*** Given data

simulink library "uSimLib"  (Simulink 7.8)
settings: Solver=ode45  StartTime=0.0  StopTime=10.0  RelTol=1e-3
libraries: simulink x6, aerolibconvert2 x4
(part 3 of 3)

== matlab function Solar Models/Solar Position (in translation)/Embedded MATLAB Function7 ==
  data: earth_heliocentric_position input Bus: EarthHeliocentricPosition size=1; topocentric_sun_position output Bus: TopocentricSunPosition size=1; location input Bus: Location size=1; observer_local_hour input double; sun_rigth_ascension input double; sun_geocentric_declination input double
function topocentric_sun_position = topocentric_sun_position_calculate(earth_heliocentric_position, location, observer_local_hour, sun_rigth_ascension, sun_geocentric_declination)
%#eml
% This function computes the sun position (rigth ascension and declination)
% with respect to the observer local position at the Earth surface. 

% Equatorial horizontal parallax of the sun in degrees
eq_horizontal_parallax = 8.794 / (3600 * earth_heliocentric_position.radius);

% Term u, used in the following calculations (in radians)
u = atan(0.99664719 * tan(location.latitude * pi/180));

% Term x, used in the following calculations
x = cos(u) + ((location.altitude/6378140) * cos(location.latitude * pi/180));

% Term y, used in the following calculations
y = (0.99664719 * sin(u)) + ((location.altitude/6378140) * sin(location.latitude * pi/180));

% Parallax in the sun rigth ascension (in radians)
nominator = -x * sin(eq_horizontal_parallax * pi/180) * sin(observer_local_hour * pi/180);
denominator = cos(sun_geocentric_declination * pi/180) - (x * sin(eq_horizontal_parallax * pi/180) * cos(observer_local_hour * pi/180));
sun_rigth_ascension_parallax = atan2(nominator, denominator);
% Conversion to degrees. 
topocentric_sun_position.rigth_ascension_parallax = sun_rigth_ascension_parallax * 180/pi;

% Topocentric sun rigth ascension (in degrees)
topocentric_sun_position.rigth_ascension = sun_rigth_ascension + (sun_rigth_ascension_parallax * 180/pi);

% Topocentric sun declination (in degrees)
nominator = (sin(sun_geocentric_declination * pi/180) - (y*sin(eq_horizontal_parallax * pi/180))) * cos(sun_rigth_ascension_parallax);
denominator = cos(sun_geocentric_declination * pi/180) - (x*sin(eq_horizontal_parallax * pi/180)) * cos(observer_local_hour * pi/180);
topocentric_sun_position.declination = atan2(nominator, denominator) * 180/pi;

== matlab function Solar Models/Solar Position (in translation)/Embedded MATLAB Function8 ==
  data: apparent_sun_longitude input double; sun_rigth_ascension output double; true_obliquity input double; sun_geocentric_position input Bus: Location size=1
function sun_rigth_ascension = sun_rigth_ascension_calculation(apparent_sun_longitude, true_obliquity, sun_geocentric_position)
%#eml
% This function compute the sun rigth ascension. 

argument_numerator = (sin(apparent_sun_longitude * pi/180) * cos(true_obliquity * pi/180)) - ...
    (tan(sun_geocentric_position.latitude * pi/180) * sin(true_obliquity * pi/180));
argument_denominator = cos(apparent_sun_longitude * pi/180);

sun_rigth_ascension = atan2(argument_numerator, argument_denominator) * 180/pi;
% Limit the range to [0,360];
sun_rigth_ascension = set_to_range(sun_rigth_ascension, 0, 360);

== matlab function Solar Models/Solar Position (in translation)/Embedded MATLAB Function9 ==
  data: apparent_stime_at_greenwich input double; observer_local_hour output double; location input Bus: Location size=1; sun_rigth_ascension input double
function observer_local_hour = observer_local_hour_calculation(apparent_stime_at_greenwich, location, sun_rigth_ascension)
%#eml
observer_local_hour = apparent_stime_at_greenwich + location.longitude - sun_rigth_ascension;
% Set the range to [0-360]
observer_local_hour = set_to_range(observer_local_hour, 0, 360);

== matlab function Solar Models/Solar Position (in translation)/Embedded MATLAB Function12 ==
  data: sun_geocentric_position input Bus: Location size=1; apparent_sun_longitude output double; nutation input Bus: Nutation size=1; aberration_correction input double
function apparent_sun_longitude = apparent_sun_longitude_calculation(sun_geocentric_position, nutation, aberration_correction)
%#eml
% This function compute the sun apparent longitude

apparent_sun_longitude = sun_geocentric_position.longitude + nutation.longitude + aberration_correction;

******

Exercise directions - Each entry above has to be transcribed exactly as it appears.

Your response -
simulink library "uSimLib"  (Simulink 7.8)
settings: Solver=ode45  StartTime=0.0  StopTime=10.0  RelTol=1e-3
libraries: simulink x6, aerolibconvert2 x4
(part 3 of 3)

== matlab function Solar Models/Solar Position (in translation)/Embedded MATLAB Function7 ==
  data: earth_heliocentric_position input Bus: EarthHeliocentricPosition size=1; topocentric_sun_position output Bus: TopocentricSunPosition size=1; location input Bus: Location size=1; observer_local_hour input double; sun_rigth_ascension input double; sun_geocentric_declination input double
function topocentric_sun_position = topocentric_sun_position_calculate(earth_heliocentric_position, location, observer_local_hour, sun_rigth_ascension, sun_geocentric_declination)
%#eml
% This function computes the sun position (rigth ascension and declination)
% with respect to the observer local position at the Earth surface. 

% Equatorial horizontal parallax of the sun in degrees
eq_horizontal_parallax = 8.794 / (3600 * earth_heliocentric_position.radius);

% Term u, used in the following calculations (in radians)
u = atan(0.99664719 * tan(location.latitude * pi/180));

% Term x, used in the following calculations
x = cos(u) + ((location.altitude/6378140) * cos(location.latitude * pi/180));

% Term y, used in the following calculations
y = (0.99664719 * sin(u)) + ((location.altitude/6378140) * sin(location.latitude * pi/180));

% Parallax in the sun rigth ascension (in radians)
nominator = -x * sin(eq_horizontal_parallax * pi/180) * sin(observer_local_hour * pi/180);
denominator = cos(sun_geocentric_declination * pi/180) - (x * sin(eq_horizontal_parallax * pi/180) * cos(observer_local_hour * pi/180));
sun_rigth_ascension_parallax = atan2(nominator, denominator);
% Conversion to degrees. 
topocentric_sun_position.rigth_ascension_parallax = sun_rigth_ascension_parallax * 180/pi;

% Topocentric sun rigth ascension (in degrees)
topocentric_sun_position.rigth_ascension = sun_rigth_ascension + (sun_rigth_ascension_parallax * 180/pi);

% Topocentric sun declination (in degrees)
nominator = (sin(sun_geocentric_declination * pi/180) - (y*sin(eq_horizontal_parallax * pi/180))) * cos(sun_rigth_ascension_parallax);
denominator = cos(sun_geocentric_declination * pi/180) - (x*sin(eq_horizontal_parallax * pi/180)) * cos(observer_local_hour * pi/180);
topocentric_sun_position.declination = atan2(nominator, denominator) * 180/pi;

== matlab function Solar Models/Solar Position (in translation)/Embedded MATLAB Function8 ==
  data: apparent_sun_longitude input double; sun_rigth_ascension output double; true_obliquity input double; sun_geocentric_position input Bus: Location size=1
function sun_rigth_ascension = sun_rigth_ascension_calculation(apparent_sun_longitude, true_obliquity, sun_geocentric_position)
%#eml
% This function compute the sun rigth ascension. 

argument_numerator = (sin(apparent_sun_longitude * pi/180) * cos(true_obliquity * pi/180)) - ...
    (tan(sun_geocentric_position.latitude * pi/180) * sin(true_obliquity * pi/180));
argument_denominator = cos(apparent_sun_longitude * pi/180);

sun_rigth_ascension = atan2(argument_numerator, argument_denominator) * 180/pi;
% Limit the range to [0,360];
sun_rigth_ascension = set_to_range(sun_rigth_ascension, 0, 360);

== matlab function Solar Models/Solar Position (in translation)/Embedded MATLAB Function9 ==
  data: apparent_stime_at_greenwich input double; observer_local_hour output double; location input Bus: Location size=1; sun_rigth_ascension input double
function observer_local_hour = observer_local_hour_calculation(apparent_stime_at_greenwich, location, sun_rigth_ascension)
%#eml
observer_local_hour = apparent_stime_at_greenwich + location.longitude - sun_rigth_ascension;
% Set the range to [0-360]
observer_local_hour = set_to_range(observer_local_hour, 0, 360);

== matlab function Solar Models/Solar Position (in translation)/Embedded MATLAB Function12 ==
  data: sun_geocentric_position input Bus: Location size=1; apparent_sun_longitude output double; nutation input Bus: Nutation size=1; aberration_correction input double
function apparent_sun_longitude = apparent_sun_longitude_calculation(sun_geocentric_position, nutation, aberration_correction)
%#eml
% This function compute the sun apparent longitude

apparent_sun_longitude = sun_geocentric_position.longitude + nutation.longitude + aberration_correction;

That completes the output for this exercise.